No 12V to the pump could be a safety in the system not safed, or could be fuse or could be other part open when should be closed.
IIWMI'd map out the rest of the system, so you know what you are dealing with. I suspect you have one each solenoid-valves per leveler leg. Per picture you have a pressure line from pump, and return line to the reservoir. Sol-valves might be at the jacks or in line along the way; might be a manifold that has the valves on it (my guess). Follow the pressure line & see what you find; has to be either a junction collecting lines from jacks (in which case sol-valves likely at jacks) or manifold (in which case probably sol-valves plugged into manifold).
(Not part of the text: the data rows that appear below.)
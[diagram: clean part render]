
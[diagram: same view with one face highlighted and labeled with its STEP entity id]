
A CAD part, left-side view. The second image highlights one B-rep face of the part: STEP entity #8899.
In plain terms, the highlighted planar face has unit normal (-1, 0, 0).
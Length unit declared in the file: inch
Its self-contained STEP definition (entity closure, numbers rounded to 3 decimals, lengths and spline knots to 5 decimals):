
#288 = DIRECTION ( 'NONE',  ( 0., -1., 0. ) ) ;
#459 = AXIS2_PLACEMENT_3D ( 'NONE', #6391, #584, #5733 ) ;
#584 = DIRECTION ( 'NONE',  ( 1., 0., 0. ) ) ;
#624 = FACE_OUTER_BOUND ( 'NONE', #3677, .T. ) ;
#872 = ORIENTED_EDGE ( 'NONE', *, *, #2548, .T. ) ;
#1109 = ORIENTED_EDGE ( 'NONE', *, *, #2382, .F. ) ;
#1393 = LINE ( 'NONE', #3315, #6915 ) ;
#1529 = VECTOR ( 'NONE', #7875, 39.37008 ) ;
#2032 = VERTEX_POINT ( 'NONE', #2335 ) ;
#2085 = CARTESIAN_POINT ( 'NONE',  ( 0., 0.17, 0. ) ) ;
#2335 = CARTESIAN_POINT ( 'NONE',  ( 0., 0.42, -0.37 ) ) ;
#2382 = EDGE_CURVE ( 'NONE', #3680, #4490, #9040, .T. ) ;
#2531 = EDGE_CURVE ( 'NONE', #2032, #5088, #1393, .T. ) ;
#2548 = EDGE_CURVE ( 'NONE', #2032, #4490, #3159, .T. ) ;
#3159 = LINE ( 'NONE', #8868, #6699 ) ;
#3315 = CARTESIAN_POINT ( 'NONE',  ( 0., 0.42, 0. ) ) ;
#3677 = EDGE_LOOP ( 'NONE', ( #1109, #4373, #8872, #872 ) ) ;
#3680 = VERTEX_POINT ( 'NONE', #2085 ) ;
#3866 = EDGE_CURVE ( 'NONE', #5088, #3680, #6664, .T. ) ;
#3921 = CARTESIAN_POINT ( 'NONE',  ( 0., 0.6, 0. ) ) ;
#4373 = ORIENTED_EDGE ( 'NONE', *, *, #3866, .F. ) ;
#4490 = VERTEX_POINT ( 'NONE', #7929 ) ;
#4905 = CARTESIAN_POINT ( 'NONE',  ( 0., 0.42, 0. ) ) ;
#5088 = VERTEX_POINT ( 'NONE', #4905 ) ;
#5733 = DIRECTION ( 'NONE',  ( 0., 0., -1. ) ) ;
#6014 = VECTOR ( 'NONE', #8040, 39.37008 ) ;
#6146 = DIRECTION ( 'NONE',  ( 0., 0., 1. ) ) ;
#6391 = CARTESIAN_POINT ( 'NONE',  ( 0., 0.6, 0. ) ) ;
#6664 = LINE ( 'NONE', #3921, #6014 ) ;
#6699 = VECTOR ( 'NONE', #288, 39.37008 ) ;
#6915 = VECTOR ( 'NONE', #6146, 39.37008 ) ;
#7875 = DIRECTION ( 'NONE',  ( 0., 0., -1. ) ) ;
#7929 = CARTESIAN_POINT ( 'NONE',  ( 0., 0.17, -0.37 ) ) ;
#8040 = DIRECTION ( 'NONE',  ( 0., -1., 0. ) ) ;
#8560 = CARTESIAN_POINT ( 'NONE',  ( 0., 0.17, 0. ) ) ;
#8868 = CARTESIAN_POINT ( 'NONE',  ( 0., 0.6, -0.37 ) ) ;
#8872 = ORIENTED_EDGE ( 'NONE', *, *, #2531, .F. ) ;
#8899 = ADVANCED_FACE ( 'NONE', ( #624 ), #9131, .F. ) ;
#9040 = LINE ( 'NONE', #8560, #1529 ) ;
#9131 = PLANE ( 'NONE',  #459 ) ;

HWH jacks I'm familiar with are power-down/spring-lift, so sol-valve has to open for that jack when pump runs (other jacks not powering at same time) to extend, and open w/out pump running to retract w/springs. I.e. two things have to operate for a jack to extend: pump + sol-valve, 1 thing for retract: sol-valve open while spring pressure is only force on system. Sol-valves on old HWH's are one or two wire gizzies; 1-wire is +12v, 2-wire is + on one, - on other, so 1-wire uses valve body for ground. Truly ancient valves are hexagonal and have a large transistor body on side of valve; these are replaced by more recent design and IIRC you add the ground wire when replacing the ancient 1-wire's.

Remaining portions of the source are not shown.